Keywords: Anti-depressant, depression, drug naοve, gender, inflammation

How to cite this article:
Muthuramalingam A, Menon V, Rajkumar RP, Negi VS. Is depression an inflammatory disease? findings from a cross-sectional study at a tertiary care center. Indian J Psychol Med 2016;38:114-9

How to cite this URL:
Muthuramalingam A, Menon V, Rajkumar RP, Negi VS. Is depression an inflammatory disease? findings from a cross-sectional study at a tertiary care center. Indian J Psychol Med [serial online] 2016 [cited 2020 Feb 22];38:114-9. Available from:

   Introduction Top

Major depressive disorder (MDD) is now the second leading cause of years lived with disability and a leading cause of disability-adjusted life years according to the Global Burden of Disease Study 2010. [1] The last couple of decades have seen significant research into the biological underpinnings of depression. One such area that has been the focus of researchers in the last decade is the postulated link between inflammation and depression. A growing body of evidence indicates that inflammation is involved in the pathophysiology of depression, albeit in a subtle way. This proposition has mainly come about from three empiric lines of evidence - the presence of raised inflammatory and hypothalamo-pituitary-adrenal axis markers in MDDs, increased rates of major depression in medical conditions with prominent inflammation such as multiple sclerosis and rheumatoid arthritis and finally, the "depressogenic" effects of immunotherapy with cytokines such as interferon alpha in those who undergo these treatments. [2],[3],[4] However, in a recent cumulative meta-analysis on the same topic, the authors urge caution in interpreting these associations due to many inconsistencies in methodology such as the use of markedly different subgroups and variable study estimates. The same authors concluded that more work needs to be done in clearly establishing the relationship between inflammation and depression. [5]

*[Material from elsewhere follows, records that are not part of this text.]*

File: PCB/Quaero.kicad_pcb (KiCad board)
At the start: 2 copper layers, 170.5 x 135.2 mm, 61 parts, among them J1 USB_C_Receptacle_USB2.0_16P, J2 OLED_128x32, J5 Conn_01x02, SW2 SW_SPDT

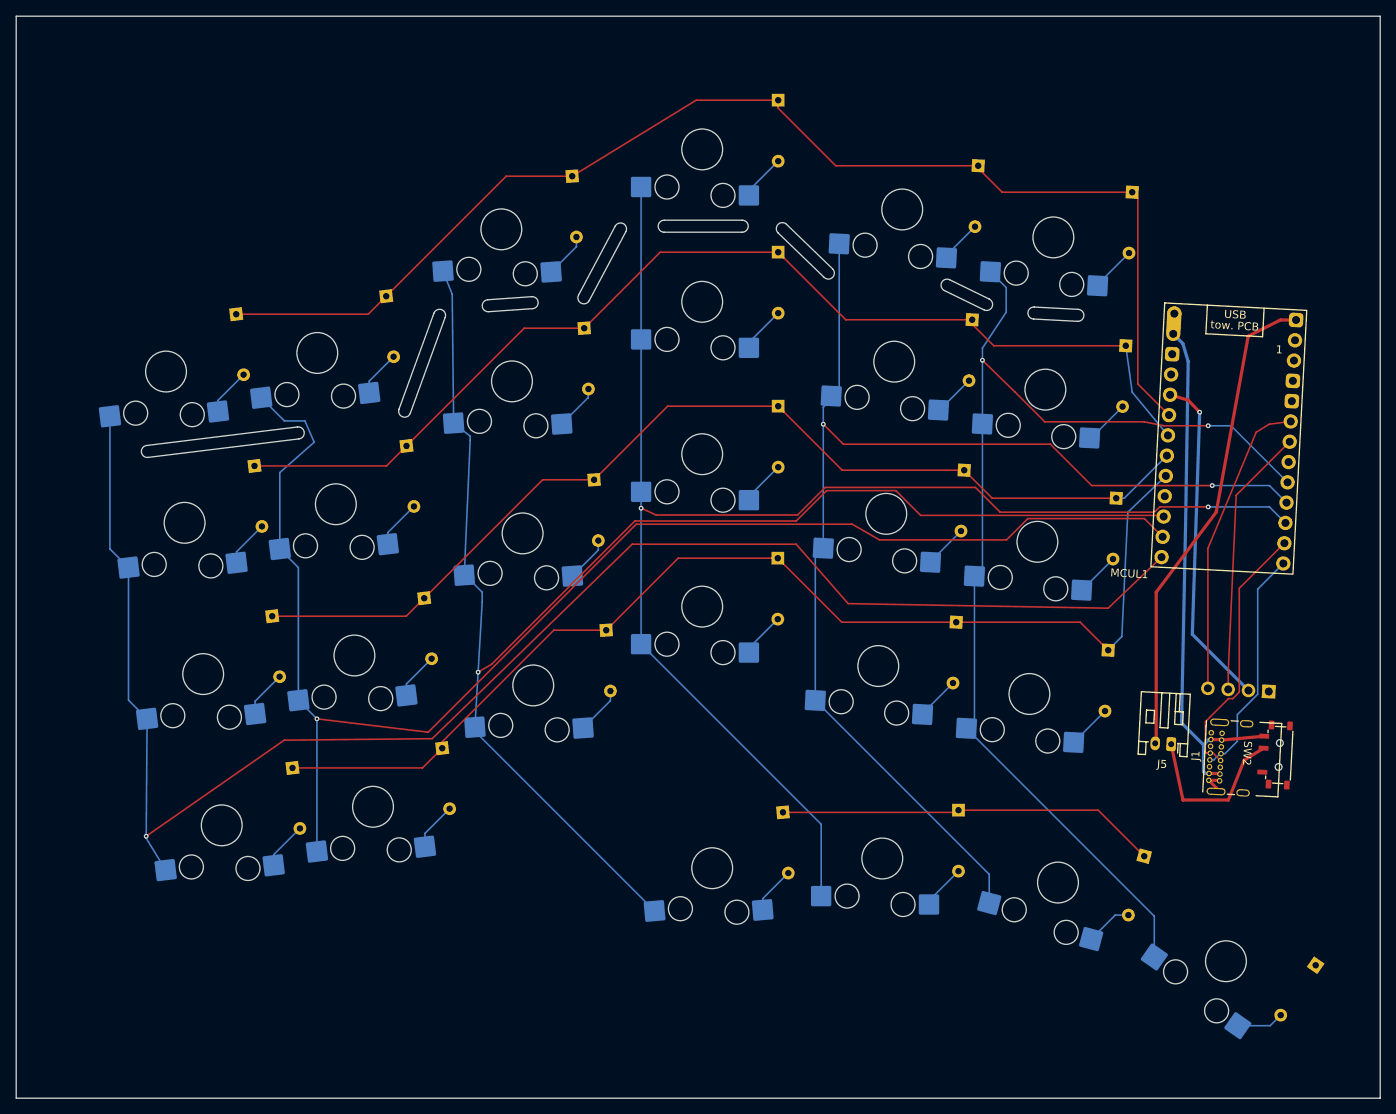
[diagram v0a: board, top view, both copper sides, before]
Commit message: Left side partial routing attempt 4
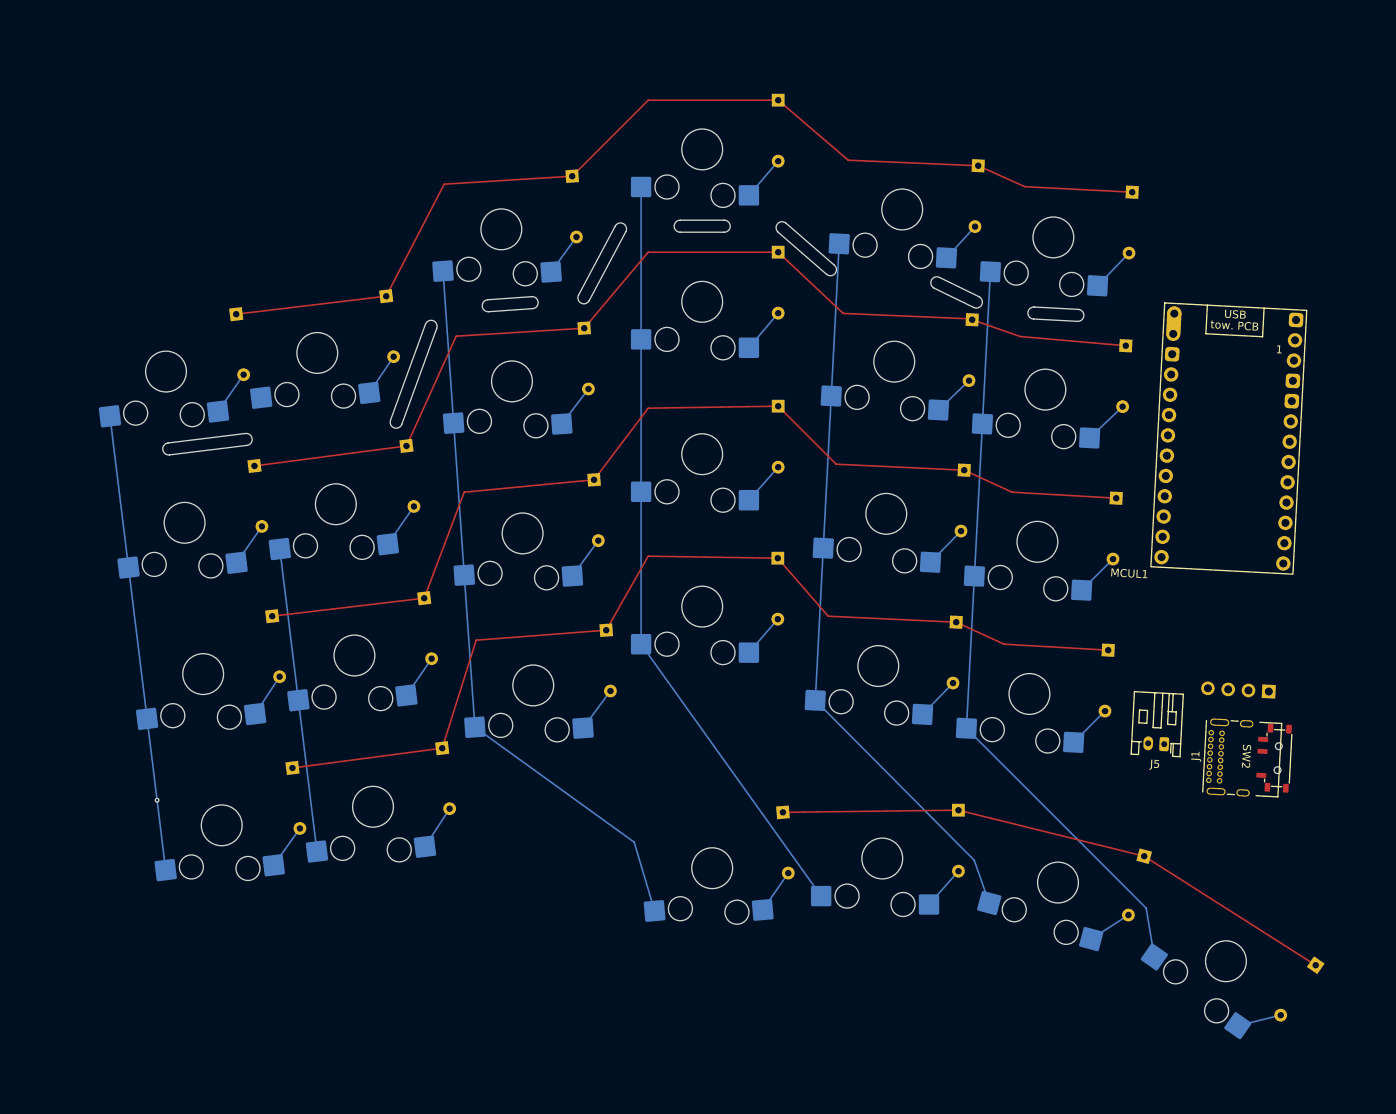
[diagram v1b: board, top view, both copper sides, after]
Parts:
- moved J5 0.87 mm to (153.0, 131.5)
- moved SW2 0.42 mm to (167.2, 133.2)
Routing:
- net LCol-1: track 205.8 -> 57.1 mm
- net LCol-2: track 183.7 -> 38.1 mm, vias 1 -> 0
- net LCol-3: track 187.8 -> 90.7 mm, vias 1 -> 0
- net LCol-4: track 182.6 -> 95.9 mm, vias 2 -> 0
- net PWR_Positive: track 66.6 -> 0.00 mm
- net LCol-5: track 154.6 -> 91.0 mm, vias 2 -> 0
- net PWR_Negative: track 60.5 -> 0.00 mm
- net LCol-6: track 142.2 -> 95.1 mm, vias 2 -> 0
- net +3.3V: track 42.1 -> 0.00 mm, vias 1 -> 0
- net Net-(J2-SDA): track 37.8 -> 0.00 mm
- net Net-(J2-SCL): track 33.7 -> 0.00 mm
- net RX: track 33.0 -> 0.00 mm
- net LRow-1: track 157.1 -> 128.0 mm
- net TX: track 29.0 -> 0.00 mm
- net LRow-5: track 47.6 -> 71.3 mm
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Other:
- board size 170.5 x 135.2 mm -> 115.1 x 29.3 mm

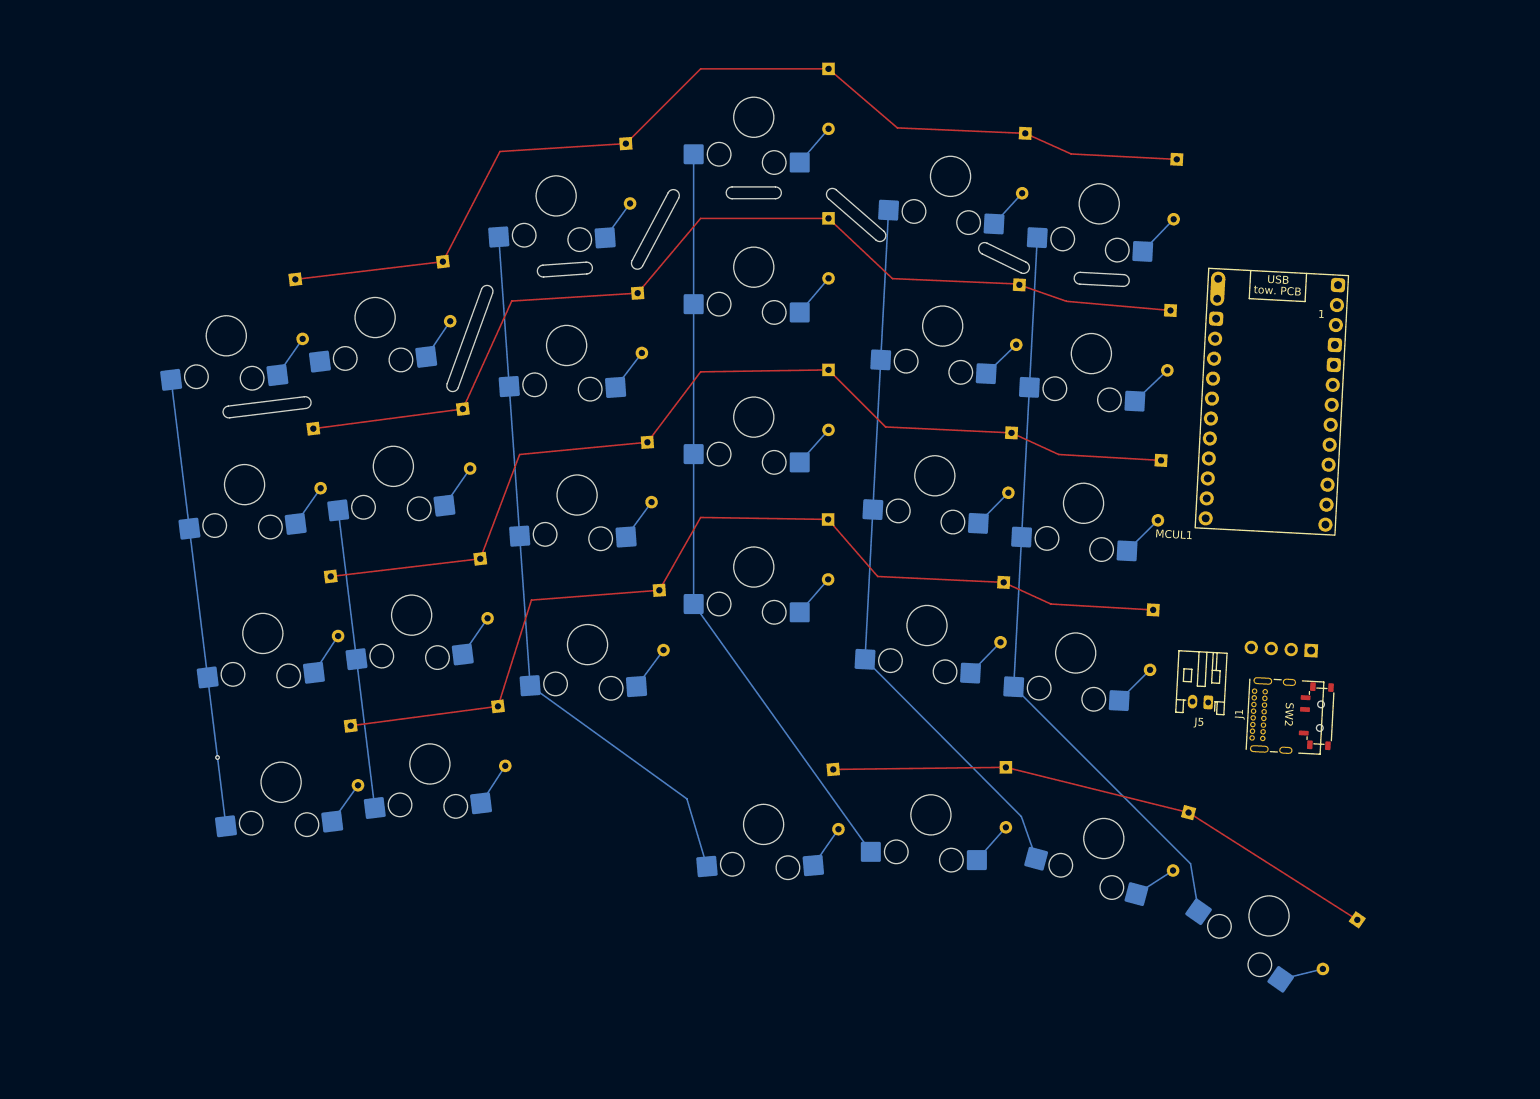
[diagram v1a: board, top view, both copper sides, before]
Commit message: Updated to RP2040, routing columns attempt 1
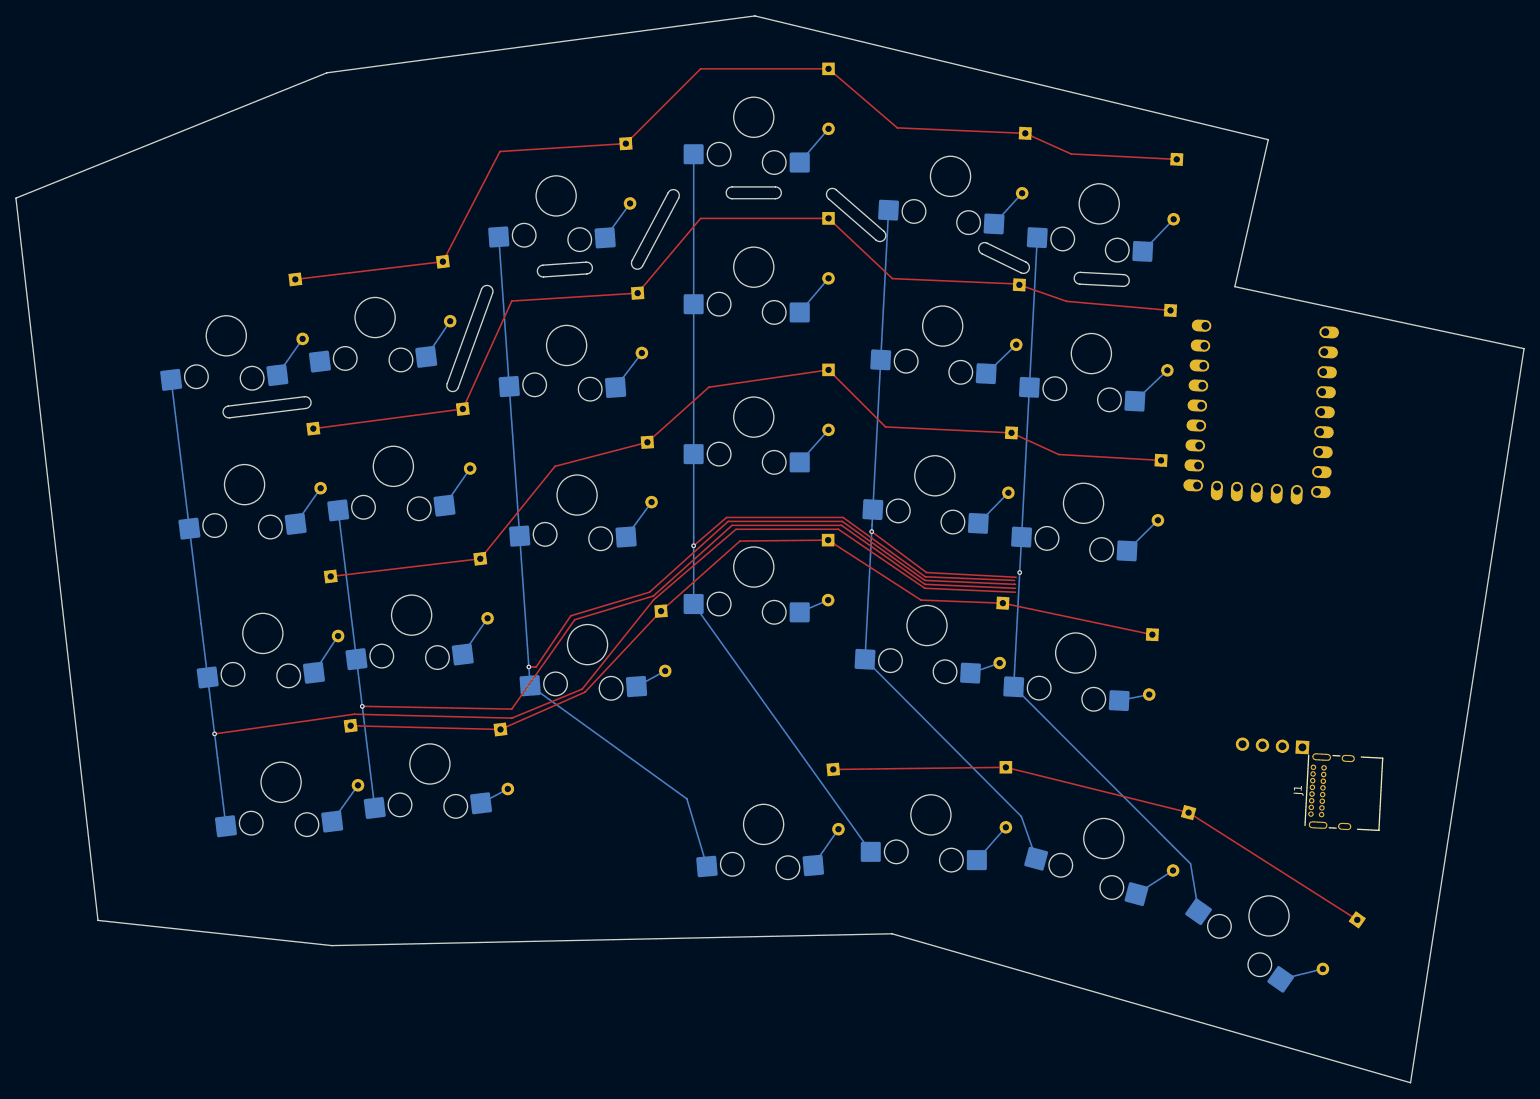
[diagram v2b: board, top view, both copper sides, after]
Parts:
- removed J5: Conn_01x02, Connector_JST:JST_PH_S2B-PH-K_1x02_P2.00mm_Horizontal
- removed MCUL1: SuperMini nRF52840, marbastlib-xp-promicroish:SuperMini_nRF52840_AH_USBdn
- removed SW2: SW_SPDT, marbastlib-various:SW_MSK12C02-HB
- added U1: RP2040_Zero, ScottoKeebs_MCU:RP2040_Zero, F.Cu at (159.7, 94.2)
- moved J2 12.3 mm to (155.1, 138.3)
- moved J1 12.2 mm to (166.0, 145.7)
- moved D24 3.14 mm to (145.9, 122.9)
- moved D20 2.95 mm to (63.1, 134.9)
- moved D21 2.66 mm to (83.5, 119.9)
- moved D23 2.64 mm to (126.9, 118.9)
- moved D22 2.63 mm to (104.7, 110.9)
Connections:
- net PWR_Positive renamed +5V
- J2 pad 3: Net-(J2-SCL) -> SCL
- J2 pad 4: Net-(J2-SDA) -> SDA
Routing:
- net LCol-1: track 57.1 -> 170.9 mm
- net LCol-2: track 38.1 -> 133.3 mm, vias 0 -> 1
- net LCol-3: track 90.7 -> 162.3 mm, vias 0 -> 1
- net LCol-4: track 95.9 -> 140.4 mm, vias 0 -> 1
- net LCol-5: track 91.0 -> 111.1 mm, vias 0 -> 1
- net LRow-4: track 121.4 -> 113.4 mm
- net LRow-3: track 123.0 -> 118.1 mm
- net Net-(D20-A): track 5.67 -> 3.86 mm
- net Net-(D24-A): track 5.54 -> 3.89 mm
- net Net-(D21-A): track 5.76 -> 4.15 mm
- net Net-(D22-A): track 5.52 -> 3.93 mm
- net Net-(D23-A): track 5.47 -> 3.92 mm
- net LCol-6: vias 0 -> 1
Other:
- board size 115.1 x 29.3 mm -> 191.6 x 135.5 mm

Previous studies examining the influence of gender in mediating the relationship between systemic inflammatory markers and depression have thrown up conflicting reports. Results of two population-based studies from different nations have shown that the link between clinical depression and elevated levels of inflammatory markers such as C-reactive protein (CRP) is stronger in men than women. [6],[7] Similarly, in a large community-based sample of elderly people, the investigators found that the serum level of interleukin-6 (IL-6) was higher among men, but not women, with depression. [8] These findings seem to suggest that certain biological and/or hormonal differences between men and women may mediate the relationship between inflammation and depression. In contrast to these findings; however, several other reports have failed to document any differences in inflammatory markers between men and women both within [9] and outside [10] the context of clinical depression as well one population-based study that showed this relationship to be more robust in women. [11] Clearly, more research is needed to establish the role of gender in the relationship between inflammation and depression because of its potential clinical utility in assisting the development of gender-specific treatments for depression. Another limitation of prior research in this area is that anti-inflammatory markers have not been studied adequately. Indeed, if depression is an inflammatory disease, it should, logically, reflect in corresponding changes in the levels of these markers too.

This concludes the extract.